Before multipathing, you should see two copies of each disk in format. Afterwards, you'll just see the one copy.
It assigns the next available controller ID, and makes up some horrendously long target number. For example:
Filesystem kbytes used avail capacity Mounted on /dev/dsk/c6t600C0FF000000000086AB238B2AF0600d0s5 697942398 20825341 670137634 4% /test
There are two principal things you can do to check that everything
is fine. The first is to look for log messages in
/var/adm/messages
. As the machine boots, you should see a
message like:
Dec 18 11:42:24 vampire mpxio: [ID 669396 kern.info] /scsi_vhci/ssd@g600c0ff000000000086ab238b2af0600 (ssd11) multipath status: optimal, path /pci@9,600000/SUNW,qlc@1/fp@0,0 (fp1) to target address: 216000c0ff886ab2,0 is online. Load balancing: round-robin
If the state changes, then it will put in a message. If everything's fine, then it will say it's optimal. If there's a problem with one of the paths (HBA, controller, or fibre, or switch in a SAN) then the mode will be degraded. That means it's lost one of the paths but is still using another. What you don't want to see is the other message, when it's lost all paths. I think it says failed, but I can't remember (and dont want to get into that state anyway).

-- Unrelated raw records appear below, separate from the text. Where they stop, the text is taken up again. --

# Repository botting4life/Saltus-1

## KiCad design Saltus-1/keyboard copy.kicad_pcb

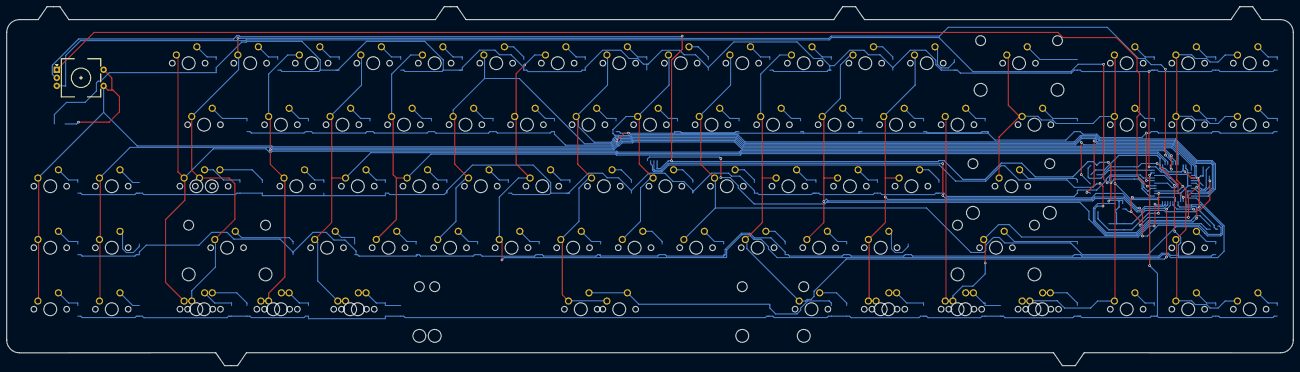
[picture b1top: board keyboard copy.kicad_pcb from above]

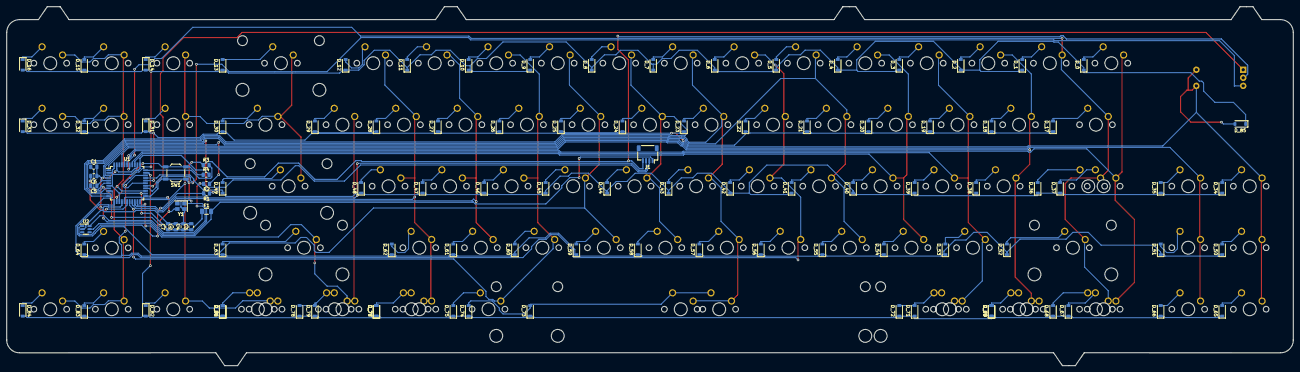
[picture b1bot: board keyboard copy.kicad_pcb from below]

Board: 2 copper layers, 398.5 x 111.2 mm, 189 parts (103 on the bottom side), 117 nets.

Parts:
C1: 1u; C_0805_2012Metric
C2, C3, C4: 0.1u; C_0805_2012Metric
C5, C6: 22p; C_0805_2012Metric
C7: 10u; C_0805_2012Metric
D_0, D_1, D_2, D_3, D_4, D_5, D_6, D_7, D_8, D_9, D_10, D_11, D_12, D_13, D_14, D_15, D_16, D_17, D_18, D_19, D_20, D_21, D_22, D_23, D_24, D_25, D_26, D_27, D_28, D_29, D_30, D_31, D_32, D_33, D_34, D_35, D_36, D_37, D_38, D_39, D_40, D_41, D_42, D_43, D_44, D_45, D_46, D_47, D_48, D_49, D_50, D_51, D_52, D_53, D_54, D_55, D_56, D_57, D_58, D_59, D_60, D_61, D_62, D_63, D_64, D_65, D_66, D_67, D_68, D_69, D_70, D_71, D_72, D_73, D_74, D_75, D_76, D_77, D_78, D_79, D_80, D_81, D_82, D_83, D_84, D_85: D; D_SOD-123
F1: 500mA; Fuse_1206_3216Metric
J1: JST SH 4-pin; JST_SH_SM04B-SRSS-TB_1x04-1MP_P1.00mm_Horizontal
K_0, K_1, K_2, K_3, K_4, K_5, K_6, K_7, K_8, K_9, K_10, K_11, K_12, K_14, K_15, K_16, K_18, K_19, K_20, K_21, K_22, K_23, K_24, K_25, K_26, K_27, K_28, K_29, K_31, K_32, K_33, K_34, K_35, K_37, K_38, K_39, K_40, K_41, K_42, K_43, K_44, K_45, K_46, K_47, K_48, K_50, K_51, K_53, K_54, K_55, K_56, K_57, K_58, K_59, K_60, K_61, K_62, K_64, K_65, K_66, K_68, K_69, K_70, K_71, K_72, K_75, K_76, K_77, K_78, K_79, K_80, K_82, K_83, K_84: KEYSW; MXOnly-1U-NoLED
K_13: KEYSW; MXOnly-2U-NoLED
K_17, K_30: KEYSW; MXOnly-1.5U-NoLED
K_36: KEYSW; MXOnly-1.75U-NoLED
K_49, K_52: KEYSW; MXOnly-2.25U-NoLED
K_63: KEYSW; MXOnly-2.75U-NoLED
K_67, K_81: KEYSW; MXOnly-1.25U-NoLED
K_73: KEYSW; MXOnly-6.25U-NoLED
K_74: KEYSW; MXOnly-7U-NoLED
R1, R2: 22; R_0805_2012Metric
R3, R4: 10k; R_0805_2012Metric
SW1: Reset; SW_SPST_TL3342
SW2: RotaryEncoder_Switch; RotaryEncoder_EC11
U1: ATmega32U4-AU; TQFP-44_10x10mm_P0.8mm
U2: SRV05-4; SOT-23-6
Y1: 16MHz; Crystal_SMD_3225-4Pin_3.2x2.5mm

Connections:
+5V: C2.1, C3.1, C4.1, C7.1, F1.1, R4.2, U1.2 (UVCC), U1.7 (VBUS), U1.14 (VCC), U1.24 (AVCC), U1.34 (VCC), U1.44 (AVCC)
/MCU_D+: R1.1, U1.4 (D+)
/MCU_D-: R2.1, U1.3 (D-)
D+: J1.3, R1.2, U2.1 (IO1)
D-: J1.2, R2.2, U2.6 (IO4)
GND: C1.2, C2.2, C3.2, C4.2, C5.1, C6.1, C7.2, J1.4, R3.1, SW1.1, SW2.C, U1.5 (UGND), U1.15 (GND), U1.23 (GND), U1.35 (GND), U1.43 (GND), U2.2 (VN), Y1.2, Y1.4
unnamed: D_0.2 (A), K_0.2 (ROW)
unnamed: D_1.2 (A), K_1.2 (ROW)
unnamed: D_2.2 (A), K_2.2 (ROW)
unnamed: D_3.2 (A), K_3.2 (ROW)
unnamed: D_4.2 (A), K_4.2 (ROW)
unnamed: D_5.2 (A), K_5.2 (ROW)
unnamed: D_6.2 (A), K_6.2 (ROW)
unnamed: D_7.2 (A), K_7.2 (ROW)
unnamed: D_8.2 (A), K_8.2 (ROW)
unnamed: D_9.2 (A), K_9.2 (ROW)
unnamed: D_10.2 (A), K_10.2 (ROW)
unnamed: D_11.2 (A), K_11.2 (ROW)
unnamed: D_12.2 (A), K_12.2 (ROW)
unnamed: D_13.2 (A), K_13.2 (ROW)
unnamed: D_14.1 (K), K_14.2 (ROW)
unnamed: D_15.2 (A), K_15.2 (ROW)
unnamed: D_16.1 (K), K_16.2 (ROW)
unnamed: D_17.2 (A), K_17.2 (ROW)
unnamed: D_18.2 (A), K_18.2 (ROW)
unnamed: D_19.2 (A), K_19.2 (ROW)
unnamed: D_20.2 (A), K_20.2 (ROW)
unnamed: D_21.2 (A), K_21.2 (ROW)
unnamed: D_22.2 (A), K_22.2 (ROW)
unnamed: D_23.2 (A), K_23.2 (ROW)
unnamed: D_24.2 (A), K_24.2 (ROW)
unnamed: D_25.2 (A), K_25.2 (ROW)
unnamed: D_26.2 (A), K_26.2 (ROW)
unnamed: D_27.2 (A), K_27.2 (ROW)
unnamed: D_28.2 (A), K_28.2 (ROW)
unnamed: D_29.2 (A), K_29.2 (ROW)
unnamed: D_30.2 (A), K_30.2 (ROW)
unnamed: D_31.1 (K), K_31.2 (ROW)
unnamed: D_32.2 (A), K_32.2 (ROW)
unnamed: D_33.1 (K), K_33.2 (ROW)
unnamed: D_34.2 (A), K_34.2 (ROW)
unnamed: D_35.2 (A), K_35.2 (ROW)
unnamed: D_36.2 (A), K_36.2 (ROW)
unnamed: D_37.2 (A), K_37.2 (ROW)
unnamed: D_38.2 (A), K_38.2 (ROW)
unnamed: D_39.2 (A), K_39.2 (ROW)
unnamed: D_40.2 (A), K_40.2 (ROW)
unnamed: D_41.2 (A), K_41.2 (ROW)
unnamed: D_42.2 (A), K_42.2 (ROW)
unnamed: D_43.2 (A), K_43.2 (ROW)
unnamed: D_44.2 (A), K_44.2 (ROW)
unnamed: D_45.2 (A), K_45.2 (ROW)
unnamed: D_46.2 (A), K_46.2 (ROW)
unnamed: D_47.2 (A), K_47.2 (ROW)
unnamed: D_48.2 (A), K_48.2 (ROW)
unnamed: D_49.2 (A), K_49.2 (ROW)
unnamed: D_50.2 (A), K_50.2 (ROW)
unnamed: D_51.2 (A), K_51.2 (ROW)
unnamed: D_52.2 (A), K_52.2 (ROW)
unnamed: D_53.2 (A), K_53.2 (ROW)
unnamed: D_54.2 (A), K_54.2 (ROW)
unnamed: D_55.2 (A), K_55.2 (ROW)
unnamed: D_56.2 (A), K_56.2 (ROW)
unnamed: D_57.2 (A), K_57.2 (ROW)
unnamed: D_58.2 (A), K_58.2 (ROW)
unnamed: D_59.2 (A), K_59.2 (ROW)
unnamed: D_60.2 (A), K_60.2 (ROW)
unnamed: D_61.2 (A), K_61.2 (ROW)
unnamed: D_62.2 (A), K_62.2 (ROW)
unnamed: D_63.2 (A), K_63.2 (ROW)
unnamed: D_64.2 (A), K_64.2 (ROW)
unnamed: D_65.2 (A), K_65.2 (ROW)
unnamed: D_66.2 (A), K_66.2 (ROW)
unnamed: D_67.2 (A), K_67.2 (ROW)
unnamed: D_68.2 (A), K_68.2 (ROW)
unnamed: D_69.2 (A), D_70.2 (A), K_69.2 (ROW), K_70.2 (ROW)
unnamed: D_71.2 (A), D_72.2 (A), K_71.2 (ROW), K_72.2 (ROW)
unnamed: D_73.2 (A), D_74.2 (A), K_73.2 (ROW), K_74.2 (ROW)
unnamed: D_75.2 (A), K_75.2 (ROW)
unnamed: D_76.2 (A), D_77.2 (A), K_76.2 (ROW), K_77.2 (ROW)
unnamed: D_78.2 (A), D_79.2 (A), K_78.2 (ROW), K_79.2 (ROW)
unnamed: D_80.2 (A), D_81.2 (A), K_80.2 (ROW), K_81.2 (ROW)
unnamed: D_82.1 (K), K_82.2 (ROW)
unnamed: D_83.2 (A), K_83.2 (ROW)
unnamed: D_84.1 (K), K_84.2 (ROW)
unnamed: D_85.2 (A), SW2.S2
unnamed: C1.1, U1.6 (UCAP)
unnamed: R3.2, U1.33 (~HWB/PE2)
RST: R4.1, SW1.2, U1.13 (~RESET)
VBUS: F1.2, J1.1, U2.5 (VP)
XTAL1: C6.2, U1.17 (XTAL1), Y1.1
XTAL2: C5.2, U1.16 (XTAL2), Y1.3
col0: K_34.1 (COL), K_50.1 (COL), K_65.1 (COL), SW2.S1, U1.1 (PE6)
col1: K_35.1 (COL), K_51.1 (COL), K_66.1 (COL), U1.41 (PF0)
col2: K_0.1 (COL), K_37.1 (COL), K_67.1 (COL), U1.40 (PF1)
col3: K_1.1 (COL), K_17.1 (COL), K_36.1 (COL), K_52.1 (COL), K_68.1 (COL), U1.39 (PF4)
col4: K_2.1 (COL), K_18.1 (COL), K_38.1 (COL), K_69.1 (COL), K_70.1 (COL), U1.38 (PF5)
col5: K_3.1 (COL), K_19.1 (COL), K_39.1 (COL), K_53.1 (COL), K_71.1 (COL), K_72.1 (COL), U1.37 (PF6)
col6: K_4.1 (COL), K_20.1 (COL), K_40.1 (COL), K_54.1 (COL), U1.36 (PF7)
col7: K_5.1 (COL), K_21.1 (COL), K_41.1 (COL), K_55.1 (COL), U1.8 (PB0)
col8: K_6.1 (COL), K_22.1 (COL), K_42.1 (COL), K_56.1 (COL), U1.9 (PB1)
col9: K_7.1 (COL), K_23.1 (COL), K_43.1 (COL), K_57.1 (COL), K_73.1 (COL), K_74.1 (COL), U1.10 (PB2)
col10: K_8.1 (COL), K_24.1 (COL), K_44.1 (COL), K_58.1 (COL), U1.11 (PB3)
col11: K_9.1 (COL), K_25.1 (COL), K_45.1 (COL), K_59.1 (COL), U1.12 (PB7)
col12: K_10.1 (COL), K_26.1 (COL), K_46.1 (COL), K_60.1 (COL), K_75.1 (COL), U1.18 (PD0)
col13: K_11.1 (COL), K_27.1 (COL), K_47.1 (COL), K_61.1 (COL), U1.19 (PD1)
col14: K_12.1 (COL), K_28.1 (COL), K_48.1 (COL), K_62.1 (COL), K_76.1 (COL), K_77.1 (COL), U1.20 (PD2)
col15: K_29.1 (COL), K_63.1 (COL), K_78.1 (COL), K_79.1 (COL), U1.21 (PD3)
col16: K_13.1 (COL), K_14.1 (COL), K_30.1 (COL), K_31.1 (COL), K_49.1 (COL), K_80.1 (COL), K_81.1 (COL), K_82.1 (COL), U1.22 (PD5)
col17: K_15.1 (COL), K_16.1 (COL), K_32.1 (COL), K_33.1 (COL), K_64.1 (COL), K_83.1 (COL), K_84.1 (COL), U1.25 (PD4)
encA: SW2.B, U1.26 (PD6)
encB: SW2.A, U1.27 (PD7)
link2: D_0.1 (K), D_1.1 (K), D_2.1 (K), D_3.1 (K), D_4.1 (K), D_5.1 (K), D_6.1 (K), D_7.1 (K), D_8.1 (K), D_9.1 (K), D_10.1 (K), D_11.1 (K), D_12.1 (K), D_13.1 (K), D_14.2 (A), D_15.1 (K), D_16.2 (A), D_85.1 (K), U1.28 (PB4)
row1: D_17.1 (K), D_18.1 (K), D_19.1 (K), D_20.1 (K), D_21.1 (K), D_22.1 (K), D_23.1 (K), D_24.1 (K), D_25.1 (K), D_26.1 (K), D_27.1 (K), D_28.1 (K), D_29.1 (K), D_30.1 (K), D_31.2 (A), D_32.1 (K), D_33.2 (A), U1.29 (PB5)
row2: D_34.1 (K), D_35.1 (K), D_36.1 (K), D_37.1 (K), D_38.1 (K), D_39.1 (K), D_40.1 (K), D_41.1 (K), D_42.1 (K), D_43.1 (K), D_44.1 (K), D_45.1 (K), D_46.1 (K), D_47.1 (K), D_48.1 (K), D_49.1 (K), U1.30 (PB6)
row3: D_50.1 (K), D_51.1 (K), D_52.1 (K), D_53.1 (K), D_54.1 (K), D_55.1 (K), D_56.1 (K), D_57.1 (K), D_58.1 (K), D_59.1 (K), D_60.1 (K), D_61.1 (K), D_62.1 (K), D_63.1 (K), D_64.1 (K), U1.31 (PC6)
row4: D_65.1 (K), D_66.1 (K), D_67.1 (K), D_68.1 (K), D_69.1 (K), D_70.1 (K), D_71.1 (K), D_72.1 (K), D_73.1 (K), D_74.1 (K), D_75.1 (K), D_76.1 (K), D_77.1 (K), D_78.1 (K), D_79.1 (K), D_80.1 (K), D_81.1 (K), D_82.2 (A), D_83.1 (K), D_84.2 (A), U1.32 (PC7)

The other way is to look at luxadm output. Get luxadm to query the device:root@vampire# luxadm display /dev/rdsk/c6t600C0FF000000000086AB238B2AF0600d0s2 DEVICE PROPERTIES for disk: /dev/rdsk/c6t600C0FF000000000086AB238B2AF0600d0s2 Vendor: SUN Product ID: StorEdge 3510 Revision: 413C Serial Num: 086AB238B2AF Unformatted capacity: 1397535.000 MBytes Write Cache: Enabled Read Cache: Enabled Minimum prefetch: 0x0 Maximum prefetch: 0xffff Device Type: Disk device Path(s): /dev/rdsk/c6t600C0FF000000000086AB238B2AF0600d0s2 /devices/scsi_vhci/ssd@g600c0ff000000000086ab238b2af0600:c,raw Controller /devices/pci@9,600000/SUNW,qlc@1/fp@0,0 Device Address 216000c0ff886ab2,0 Host controller port WWN 210000e08b14cc40 Class primary State ONLINE Controller /devices/pci@9,600000/SUNW,qlc@2/fp@0,0 Device Address 266000c0fff86ab2,0 Host controller port WWN 210000e08b144540 Class primary State ONLINE
As you can see, it tells you both paths and they are ONLINE.
(If you have a T3 partner pair, then the output is slightly different. You should have 2 devices, one for each member of the pair. But the Class will be primary for one path and secondary for the other: the paths aren't symmetric and it sets the direct connection as the primary and uses the other one for failover.)